Lok Sabha election 2019: The gains for BJP were not uniform across all states after the Kargil war
To disentangle the impact of military action against Pakistan on voters, it is useful to look at the 1999 national election.Updated: Mar 14, 2019, 07:19 IST
On February 14, a suicide bomber killed 40 Central Reserve Police Force (CRPF) troopers in Pulwama in the deadliest attack on security forces in Kashmir since 1989. The Pakistan-based terrorist group, Jaish-e-Mohammed (JeM), claimed responsibility for the attack. In response, India launched air strikes on a JeM terrorist camp deep inside Pakistan on February 26. While the actual details of the air strikes, and the Pakistan military’s subsequent response, haven’t been disclosed, Prime Minister Narendra Modi received wide praise in India for a decisive response to the terror attack.
This couldn’t have come at a better time for the government — with a national election around the corner and the ruling Bharatiya Janata Party (BJP) getting hammered by the Opposition for its failure to create enough jobs and for alleged wrongdoing in the Rafale fighter jet deal. In the aftermath of the air strikes,political pundits have ranked the BJP as the front runner in the upcoming general elections. But what do we really know about how military action against Pakistan affects voters?

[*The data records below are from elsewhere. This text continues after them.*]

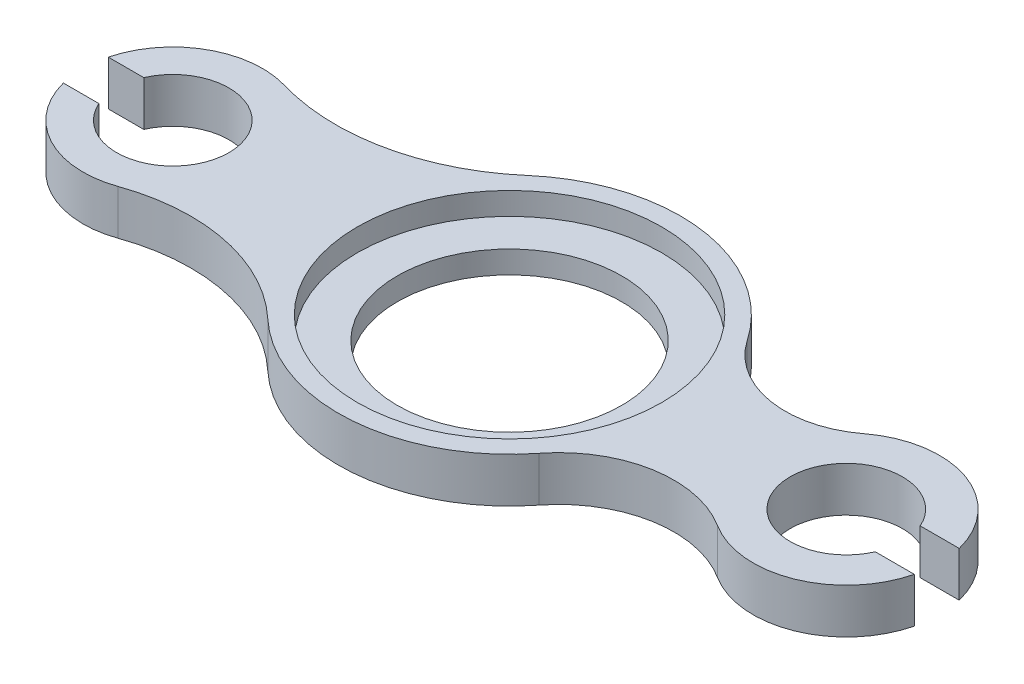
SolidWorks part; units mm, degrees
ref_plane "Front Plane" through (0, 0, 0) normal (0, 0, 1) x (1, 0, 0)
ref_plane "Top Plane" through (0, 0, 0) normal (0, 1, 0) x (1, 0, 0)
ref_plane "Right Plane" through (0, 0, 0) normal (1, 0, 0) x (0, 0, -1)
sketch "Sketch1" plane through (0, 0, 0) normal (0, 1, 0) x (1, 0, 0)
  line L0 (-192.0901, 0) -> (306.7735, 0) construction
  line L1 (-80.1583, 113.3523) -> (-80.1583, -124.7159) construction
  line L2 (219.8417, 113.3523) -> (219.8417, -131.5341) construction
  line L3 (69.8417, 113.3523) -> (69.8417, -124.7159) construction
  line L5 (-118.8881, 10) -> (-103.0712, 10)
  line L7 (-118.8881, -10) -> (-103.0712, -10)
  line L9 (242.7546, 10) -> (260.1475, 10)
  line L11 (242.7546, -10) -> (260.1475, -10)
  circle A0 centre (69.8417, 0) radius 50
  circle A1 centre (69.8417, 0) radius 67.8
  arc A2 (-103.0712, -10) -> (-103.0712, 10) centre (-80.1583, 0) ccw
  arc A3 (242.7546, 10) -> (242.7546, -10) centre (219.8417, 0) ccw
  arc A4 (17.6404, -55.4762) -> (129.8878, -46.8727) centre (69.8417, 0) ccw
  arc A5 (-68.9546, 38.3989) -> (-118.8881, 10) centre (-80.1583, 0) ccw
  arc A6 (197.6461, -35.0985) -> (260.1475, -10) centre (219.8417, 0) ccw
  arc A7 (-68.9546, 38.3989) -> (20.1305, 57.7182) centre (-42.2017, 130.0902) ccw
  arc A8 (17.6404, -55.4762) -> (-66.8102, -37.7071) centre (-39.1539, -115.8335) ccw
  arc A9 (197.6461, -35.0985) -> (129.8878, -46.8727) centre (170.2672, -78.3934) ccw
  arc A10 (132.7335, 42.9792) -> (194.644, 33.0096) centre (168.4185, 67.3657) ccw
  arc A11 (132.7335, 42.9792) -> (20.1305, 57.7182) centre (69.8417, 0) ccw
  arc A12 (-118.8881, -10) -> (-66.8102, -37.7071) centre (-80.1583, 0) ccw
  arc A13 (260.1475, 10) -> (194.644, 33.0096) centre (219.8417, 0) ccw
  dimension "D3" = 50
  dimension "D4" = 50
  dimension "D5" = 100
  dimension "D6" = 135.6
  dimension "D1" = 150
  dimension "D2" = 150
extrude "Boss-Extrude1" add sketch "Sketch1" along normal blind 20 contours L9 A13 A10 A11 A7 A5 L5 A2 L7 A12 A8 A4 A9 A6 L11 A3 A1 region at (-97.9136, 0, -31.2191)
extrude "Boss-Extrude2" add sketch "Sketch1<3>" along normal blind 10 contours A1 A0 region at (3.9594, 0, 0)
sketch "Sketch1<3>" plane through (0, 0, 0) normal (0, 1, 0) x (1, 0, 0) same geometry as "Sketch1"

Based on survey evidence, Devesh Kapur has argued that the impact of Indian foreign policy on voter preferences is typically limited to a small group of elite. But Pakistan is different. It ties into a narrative of Hindu-Muslim enmity and vivid memories of previous wars and Partition. Indeed, Vipin Narang and Paul Staniland have documented how from India’s first prime minister Jawaharlal Nehru onwards, leaders have dealt with Pakistan in ways to keep the domestic audience happy — in particular, to avoid being seen as weak on Pakistan to prevent negative electoral consequences.
Who is most likely to be swayed to vote for the BJP based on military action against Pakistan? One hypothesis is that the electoral impact will be greatest in areas where the BJP is more active, as these are areas that are more ideologically aligned to the BJP and where the party cadre can campaign and mobilize support around anti-Pakistan sentiment. A second hypothesis is that the impact is strongest where voters have more national (and less regional) preferences. In particular, the gains for the BJP should be the greatest in direct competition with the other major national party, Congress. Where voters are mobilized around regional concerns, i.e., where the BJP must compete against a regional party, the effects of military action against Pakistan should be more muted.
To disentangle the impact of military action against Pakistan on voters, it is useful to look at the 1999 national election. In 1998, the BJP and then prime minister Atal Bihari Vajpayee came to power at the head of a shaky coalition. By July 1999, Indian forces had scored a decisive victory over Pakistan in the Kargil war. Elections came soon after (and because the shaky coalition saw the exit of a large partner, the All India Anna Dravida Munnetra Kazhagam) and they returned the BJP to power in a more stable coalition that would last a full five years (ending a period of instability in which India saw three national elections in three years).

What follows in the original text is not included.